What you should do.
When copying the listing below, skip every picture and repeat exactly the lines from the first one through the line that contains "world_world.use_nodes = True;".

Exercise input.
- - - - -

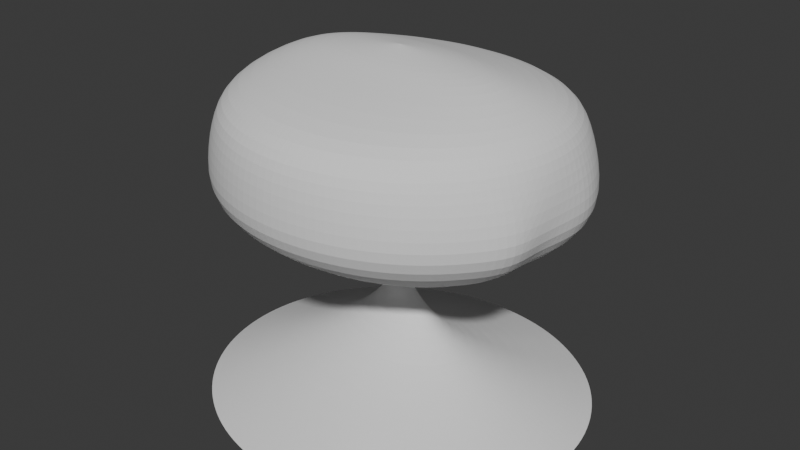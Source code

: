 # Source: Nuclear.blend  (saved by Blender 5.1.30; exported with 4.5.12 LTS)
import bpy
from mathutils import Matrix  # noqa: F401  (used for matrix-valued properties, if any)

bpy.ops.wm.read_factory_settings(use_empty=True)
scene = bpy.context.scene
scene.name = 'Scene'

# ---- world
world_world = bpy.data.worlds.new('World'); scene.world = world_world
world_world.use_nodes = True; world_world.node_tree.nodes.clear()
_N = world_world.node_tree.nodes; _L = world_world.node_tree.links
n0 = _N.new('ShaderNodeOutputWorld'); n0.name = 'World Output'; n0.location = (200, 100)
n1 = _N.new('ShaderNodeBackground'); n1.name = 'Background'; n1.location = (-200, 100)
n1.inputs[0].default_value = (0.05088, 0.05088, 0.05088, 1.0)
_L.new(n1.outputs[0], n0.inputs[0])
n0.is_active_output = True
world_world.color = (0.05088, 0.05088, 0.05088)
world_world.sun_shadow_jitter_overblur = 0.0

# ---- meshes
me_cylinder_003 = bpy.data.meshes.new('Cylinder.003')
me_cylinder_003.from_pydata([(0.002789, 7.559, -2.494), (0.002191, 3.389, 4.396), (1.586, 7.413, -2.494), (0.6878, 3.324, 4.396), (3.108, 6.983, -2.494), (1.347, 3.131, 4.396), (4.481, 6.304, -2.51), (1.955, 2.818, 4.396), (5.741, 5.345, -2.494), (2.487, 2.397, 4.396), (6.75, 4.199, -2.494), (2.924, 1.883, 4.396), (7.5, 2.892, -2.494), (3.249, 1.297, 4.396), (7.961, 1.474, -2.494), (3.449, 0.6612, 4.396), (8.117, -0.0002757, -2.494), (3.516, -1.692e-05, 4.396), (7.961, -1.475, -2.494), (3.449, -0.6612, 4.396), (7.5, -2.893, -2.494), (3.249, -1.297, 4.396), (6.75, -4.2, -2.494), (2.924, -1.883, 4.396), (5.741, -5.345, -2.494), (2.487, -2.397, 4.396), (4.511, -6.285, -2.494), (1.955, -2.818, 4.396), (3.108, -6.984, -2.494), (1.347, -3.131, 4.396), (1.586, -7.414, -2.494), (0.6878, -3.324, 4.396), (0.002789, -7.559, -2.494), (0.002191, -3.389, 4.396), (-1.58, -7.414, -2.494), (-0.6834, -3.324, 4.396), (-3.102, -6.984, -2.494), (-1.343, -3.131, 4.396), (-4.505, -6.285, -2.494), (-1.95, -2.818, 4.396), (-5.735, -5.345, -2.494), (-2.483, -2.397, 4.396), (-6.744, -4.2, -2.494), (-2.92, -1.883, 4.396), (-7.494, -2.893, -2.494), (-3.245, -1.297, 4.396), (-7.956, -1.475, -2.494), (-3.444, -0.6612, 4.396), (-8.112, -0.0002757, -2.494), (-3.512, -1.692e-05, 4.396), (-7.956, 1.474, -2.494), (-3.444, 0.6612, 4.396), (-7.494, 2.892, -2.494), (-3.245, 1.297, 4.396), (-6.744, 4.199, -2.494), (-2.92, 1.883, 4.396), (-5.735, 5.345, -2.494), (-2.483, 2.397, 4.396), (-4.505, 6.285, -2.494), (-1.95, 2.818, 4.396), (-3.102, 6.983, -2.494), (-1.343, 3.131, 4.396), (-1.58, 7.413, -2.494), (-0.6834, 3.324, 4.396), (1.176, -3.399, -2.343), (0.7108, -3.78, -2.343), (0.002469, 3.909, -1.132), (1.004, 3.834, -1.132), (1.967, 3.612, -1.132), (2.839, 3.259, -1.167), (3.632, 2.764, -1.132), (4.27, 2.172, -1.132), (4.744, 1.496, -1.132), (5.036, 0.7626, -1.132), (5.135, -8.686e-05, -1.132), (5.036, -0.7628, -1.132), (4.744, -1.496, -1.132), (4.27, -2.172, -1.132), (3.632, -2.765, -1.132), (2.854, -3.251, -1.132), (1.967, -3.612, -1.132), (1.004, -3.834, -1.132), (0.002469, -3.91, -1.132), (-0.9988, -3.834, -1.132), (-1.962, -3.612, -1.132), (-2.849, -3.251, -1.132), (-3.627, -2.765, -1.132), (-4.265, -2.172, -1.132), (-4.739, -1.496, -1.132), (-5.031, -0.7628, -1.132), (-5.13, -8.686e-05, -1.132), (-5.031, 0.7626, -1.132), (-4.739, 1.496, -1.132), (-4.265, 2.172, -1.132), (-3.627, 2.764, -1.132), (-2.849, 3.251, -1.132), (-1.962, 3.612, -1.132), (-0.9988, 3.834, -1.132), (0.002248, 1.314, 0.3344), (0.4535, 1.289, 0.3344), (0.8874, 1.214, 0.3344), (1.282, 1.095, 0.3237), (1.638, 0.9293, 0.3344), (1.926, 0.7301, 0.3344), (2.139, 0.5029, 0.3344), (2.271, 0.2564, 0.3344), (2.315, 1.63e-05, 0.3344), (2.271, -0.2564, 0.3344), (2.139, -0.5029, 0.3344), (1.926, -0.7301, 0.3344), (1.638, -0.9292, 0.3344), (1.287, -1.093, 0.3344), (0.8874, -1.214, 0.3344), (0.4535, -1.289, 0.3344), (0.002248, -1.314, 0.3344), (-0.449, -1.289, 0.3344), (-0.8829, -1.214, 0.3344), (-1.283, -1.093, 0.3344), (-1.633, -0.9292, 0.3344), (-1.921, -0.7301, 0.3344), (-2.135, -0.5029, 0.3344), (-2.266, -0.2564, 0.3344), (-2.311, 1.63e-05, 0.3344), (-2.266, 0.2564, 0.3344), (-2.135, 0.5029, 0.3344), (-1.921, 0.7301, 0.3344), (-1.633, 0.9293, 0.3344), (-1.283, 1.093, 0.3344), (-0.8829, 1.214, 0.3344), (-0.449, 1.289, 0.3344), (0.002185, 0.5659, 1.65), (0.1928, 0.555, 1.65), (0.3761, 0.5228, 1.65), (0.5432, 0.4712, 1.644), (0.6931, 0.4001, 1.65), (0.8147, 0.3144, 1.65), (0.905, 0.2166, 1.65), (0.9606, 0.1104, 1.65), (0.9793, 1.974e-05, 1.65), (0.9606, -0.1104, 1.65), (0.905, -0.2165, 1.65), (0.8147, -0.3144, 1.65), (0.6931, -0.4001, 1.65), (0.5451, -0.4705, 1.65), (0.3761, -0.5228, 1.65), (0.1928, -0.555, 1.65), (0.002185, -0.5658, 1.65), (-0.1884, -0.555, 1.65), (-0.3718, -0.5228, 1.65), (-0.5407, -0.4705, 1.65), (-0.6888, -0.4001, 1.65), (-0.8103, -0.3144, 1.65), (-0.9006, -0.2165, 1.65), (-0.9562, -0.1104, 1.65), (-0.975, 1.974e-05, 1.65), (-0.9562, 0.1104, 1.65), (-0.9006, 0.2166, 1.65), (-0.8103, 0.3144, 1.65), (-0.6888, 0.4001, 1.65), (-0.5407, 0.4705, 1.65), (-0.3718, 0.5228, 1.65), (-0.1884, 0.555, 1.65), (0.002158, 0.2196, 3.053), (0.05412, 0.2153, 3.053), (0.1041, 0.2028, 3.053), (0.1497, 0.1827, 3.051), (0.1905, 0.1553, 3.053), (0.2236, 0.122, 3.053), (0.2482, 0.08403, 3.053), (0.2634, 0.04285, 3.053), (0.2685, 1.607e-05, 3.053), (0.2634, -0.04281, 3.053), (0.2482, -0.084, 3.053), (0.2236, -0.122, 3.053), (0.1905, -0.1552, 3.053), (0.1501, -0.1825, 3.053), (0.1041, -0.2028, 3.053), (0.05412, -0.2153, 3.053), (0.002158, -0.2195, 3.053), (-0.04981, -0.2153, 3.053), (-0.09977, -0.2028, 3.053), (-0.1458, -0.1825, 3.053), (-0.1862, -0.1552, 3.053), (-0.2193, -0.122, 3.053), (-0.2439, -0.084, 3.053), (-0.2591, -0.04281, 3.053), (-0.2642, 1.607e-05, 3.053), (-0.2591, 0.04285, 3.053), (-0.2439, 0.08403, 3.053), (-0.2193, 0.122, 3.053), (-0.1862, 0.1553, 3.053), (-0.1458, 0.1826, 3.053), (-0.09977, 0.2028, 3.053), (-0.04981, 0.2153, 3.053), (0.002159, 1.262, 3.755), (0.3904, 1.238, 3.755), (0.7637, 1.166, 3.755), (1.107, 1.05, 3.754), (1.409, 0.8926, 3.755), (1.657, 0.7013, 3.755), (1.841, 0.4831, 3.755), (1.954, 0.2463, 3.755), (1.992, 1.977e-05, 3.755), (1.954, -0.2463, 3.755), (1.841, -0.4831, 3.755), (1.657, -0.7013, 3.755), (1.409, -0.8926, 3.755), (1.108, -1.05, 3.755), (0.7637, -1.166, 3.755), (0.3904, -1.238, 3.755), (0.002159, -1.262, 3.755), (-0.3861, -1.238, 3.755), (-0.7594, -1.166, 3.755), (-1.103, -1.05, 3.755), (-1.405, -0.8926, 3.755), (-1.653, -0.7013, 3.755), (-1.836, -0.4831, 3.755), (-1.95, -0.2463, 3.755), (-1.988, 1.977e-05, 3.755), (-1.95, 0.2463, 3.755), (-1.836, 0.4831, 3.755), (-1.653, 0.7013, 3.755), (-1.405, 0.8926, 3.755), (-1.103, 1.05, 3.755), (-0.7594, 1.166, 3.755), (-0.3861, 1.238, 3.755), (0.09726, 0.3419, 2.352), (0.1887, 0.3221, 2.352), (0.2721, 0.2902, 2.347), (0.3468, 0.2465, 2.352), (0.4074, 0.1937, 2.352), (0.4525, 0.1334, 2.352), (0.4802, 0.06803, 2.352), (0.4896, 1.93e-05, 2.352), (0.4802, -0.06799, 2.352), (0.4525, -0.1334, 2.352), (0.4074, -0.1936, 2.352), (0.3468, -0.2465, 2.352), (0.273, -0.2898, 2.352), (0.1887, -0.322, 2.352), (0.09726, -0.3419, 2.352), (0.002163, -0.3486, 2.352), (-0.09293, -0.3419, 2.352), (-0.1844, -0.322, 2.352), (-0.2686, -0.2898, 2.352), (-0.3425, -0.2465, 2.352), (-0.4031, -0.1936, 2.352), (-0.4482, -0.1334, 2.352), (-0.4759, -0.06799, 2.352), (-0.4853, 1.93e-05, 2.352), (-0.4759, 0.06803, 2.352), (-0.4482, 0.1334, 2.352), (-0.4031, 0.1937, 2.352), (-0.3425, 0.2465, 2.352), (-0.2686, 0.2899, 2.352), (-0.1844, 0.3221, 2.352), (-0.09293, 0.3419, 2.352), (0.002163, 0.3486, 2.352)], [], [(194, 1, 3, 195), (195, 3, 5, 196), (196, 5, 7, 197), (197, 7, 9, 198), (198, 9, 11, 199), (199, 11, 13, 200), (200, 13, 15, 201), (201, 15, 17, 202), (202, 17, 19, 203), (203, 19, 21, 204), (204, 21, 23, 205), (205, 23, 25, 206), (206, 25, 27, 207), (207, 27, 29, 208), (208, 29, 31, 209), (209, 31, 33, 210), (210, 33, 35, 211), (211, 35, 37, 212), (212, 37, 39, 213), (213, 39, 41, 214), (214, 41, 43, 215), (215, 43, 45, 216), (216, 45, 47, 217), (217, 47, 49, 218), (218, 49, 51, 219), (219, 51, 53, 220), (220, 53, 55, 221), (221, 55, 57, 222), (222, 57, 59, 223), (223, 59, 61, 224), (224, 61, 63, 225), (225, 63, 1, 194), (26, 28, 65, 64), (62, 97, 66, 0), (60, 96, 97, 62), (58, 95, 96, 60), (56, 94, 95, 58), (54, 93, 94, 56), (52, 92, 93, 54), (50, 91, 92, 52), (48, 90, 91, 50), (46, 89, 90, 48), (44, 88, 89, 46), (42, 87, 88, 44), (40, 86, 87, 42), (38, 85, 86, 40), (36, 84, 85, 38), (34, 83, 84, 36), (32, 82, 83, 34), (30, 81, 82, 32), (28, 80, 81, 30), (26, 79, 80, 28), (24, 78, 79, 26), (22, 77, 78, 24), (20, 76, 77, 22), (18, 75, 76, 20), (16, 74, 75, 18), (14, 73, 74, 16), (12, 72, 73, 14), (10, 71, 72, 12), (8, 70, 71, 10), (6, 69, 70, 8), (4, 68, 69, 6), (2, 67, 68, 4), (0, 66, 67, 2), (97, 129, 98, 66), (96, 128, 129, 97), (95, 127, 128, 96), (94, 126, 127, 95), (93, 125, 126, 94), (92, 124, 125, 93), (91, 123, 124, 92), (90, 122, 123, 91), (89, 121, 122, 90), (88, 120, 121, 89), (87, 119, 120, 88), (86, 118, 119, 87), (85, 117, 118, 86), (84, 116, 117, 85), (83, 115, 116, 84), (82, 114, 115, 83), (81, 113, 114, 82), (80, 112, 113, 81), (79, 111, 112, 80), (78, 110, 111, 79), (77, 109, 110, 78), (76, 108, 109, 77), (75, 107, 108, 76), (74, 106, 107, 75), (73, 105, 106, 74), (72, 104, 105, 73), (71, 103, 104, 72), (70, 102, 103, 71), (69, 101, 102, 70), (68, 100, 101, 69), (67, 99, 100, 68), (66, 98, 99, 67), (129, 161, 130, 98), (128, 160, 161, 129), (127, 159, 160, 128), (126, 158, 159, 127), (125, 157, 158, 126), (124, 156, 157, 125), (123, 155, 156, 124), (122, 154, 155, 123), (121, 153, 154, 122), (120, 152, 153, 121), (119, 151, 152, 120), (118, 150, 151, 119), (117, 149, 150, 118), (116, 148, 149, 117), (115, 147, 148, 116), (114, 146, 147, 115), (113, 145, 146, 114), (112, 144, 145, 113), (111, 143, 144, 112), (110, 142, 143, 111), (109, 141, 142, 110), (108, 140, 141, 109), (107, 139, 140, 108), (106, 138, 139, 107), (105, 137, 138, 106), (104, 136, 137, 105), (103, 135, 136, 104), (102, 134, 135, 103), (101, 133, 134, 102), (100, 132, 133, 101), (99, 131, 132, 100), (98, 130, 131, 99), (256, 193, 162, 257), (255, 192, 193, 256), (254, 191, 192, 255), (253, 190, 191, 254), (252, 189, 190, 253), (251, 188, 189, 252), (250, 187, 188, 251), (249, 186, 187, 250), (248, 185, 186, 249), (247, 184, 185, 248), (246, 183, 184, 247), (245, 182, 183, 246), (244, 181, 182, 245), (243, 180, 181, 244), (242, 179, 180, 243), (241, 178, 179, 242), (240, 177, 178, 241), (239, 176, 177, 240), (238, 175, 176, 239), (237, 174, 175, 238), (236, 173, 174, 237), (235, 172, 173, 236), (234, 171, 172, 235), (233, 170, 171, 234), (232, 169, 170, 233), (231, 168, 169, 232), (230, 167, 168, 231), (229, 166, 167, 230), (228, 165, 166, 229), (227, 164, 165, 228), (226, 163, 164, 227), (257, 162, 163, 226), (193, 225, 194, 162), (192, 224, 225, 193), (191, 223, 224, 192), (190, 222, 223, 191), (189, 221, 222, 190), (188, 220, 221, 189), (187, 219, 220, 188), (186, 218, 219, 187), (185, 217, 218, 186), (184, 216, 217, 185), (183, 215, 216, 184), (182, 214, 215, 183), (181, 213, 214, 182), (180, 212, 213, 181), (179, 211, 212, 180), (178, 210, 211, 179), (177, 209, 210, 178), (176, 208, 209, 177), (175, 207, 208, 176), (174, 206, 207, 175), (173, 205, 206, 174), (172, 204, 205, 173), (171, 203, 204, 172), (170, 202, 203, 171), (169, 201, 202, 170), (168, 200, 201, 169), (167, 199, 200, 168), (166, 198, 199, 167), (165, 197, 198, 166), (164, 196, 197, 165), (163, 195, 196, 164), (162, 194, 195, 163), (130, 257, 226, 131), (131, 226, 227, 132), (132, 227, 228, 133), (133, 228, 229, 134), (134, 229, 230, 135), (135, 230, 231, 136), (136, 231, 232, 137), (137, 232, 233, 138), (138, 233, 234, 139), (139, 234, 235, 140), (140, 235, 236, 141), (141, 236, 237, 142), (142, 237, 238, 143), (143, 238, 239, 144), (144, 239, 240, 145), (145, 240, 241, 146), (146, 241, 242, 147), (147, 242, 243, 148), (148, 243, 244, 149), (149, 244, 245, 150), (150, 245, 246, 151), (151, 246, 247, 152), (152, 247, 248, 153), (153, 248, 249, 154), (154, 249, 250, 155), (155, 250, 251, 156), (156, 251, 252, 157), (157, 252, 253, 158), (158, 253, 254, 159), (159, 254, 255, 160), (160, 255, 256, 161), (161, 256, 257, 130)])
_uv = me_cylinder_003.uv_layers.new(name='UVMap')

- - - - -

Output for this exercise.
Source code

: # Source: Nuclear.blend  (saved by Blender 5.1.30; exported with 4.5.12 LTS)
import bpy
from mathutils import Matrix  # noqa: F401  (used for matrix-valued properties, if any)

bpy.ops.wm.read_factory_settings(use_empty=True)
scene = bpy.context.scene
scene.name = 'Scene'

# ---- world
world_world = bpy.data.worlds.new('World'); scene.world = world_world
world_world.use_nodes = True; world_world.node_tree.nodes.clear()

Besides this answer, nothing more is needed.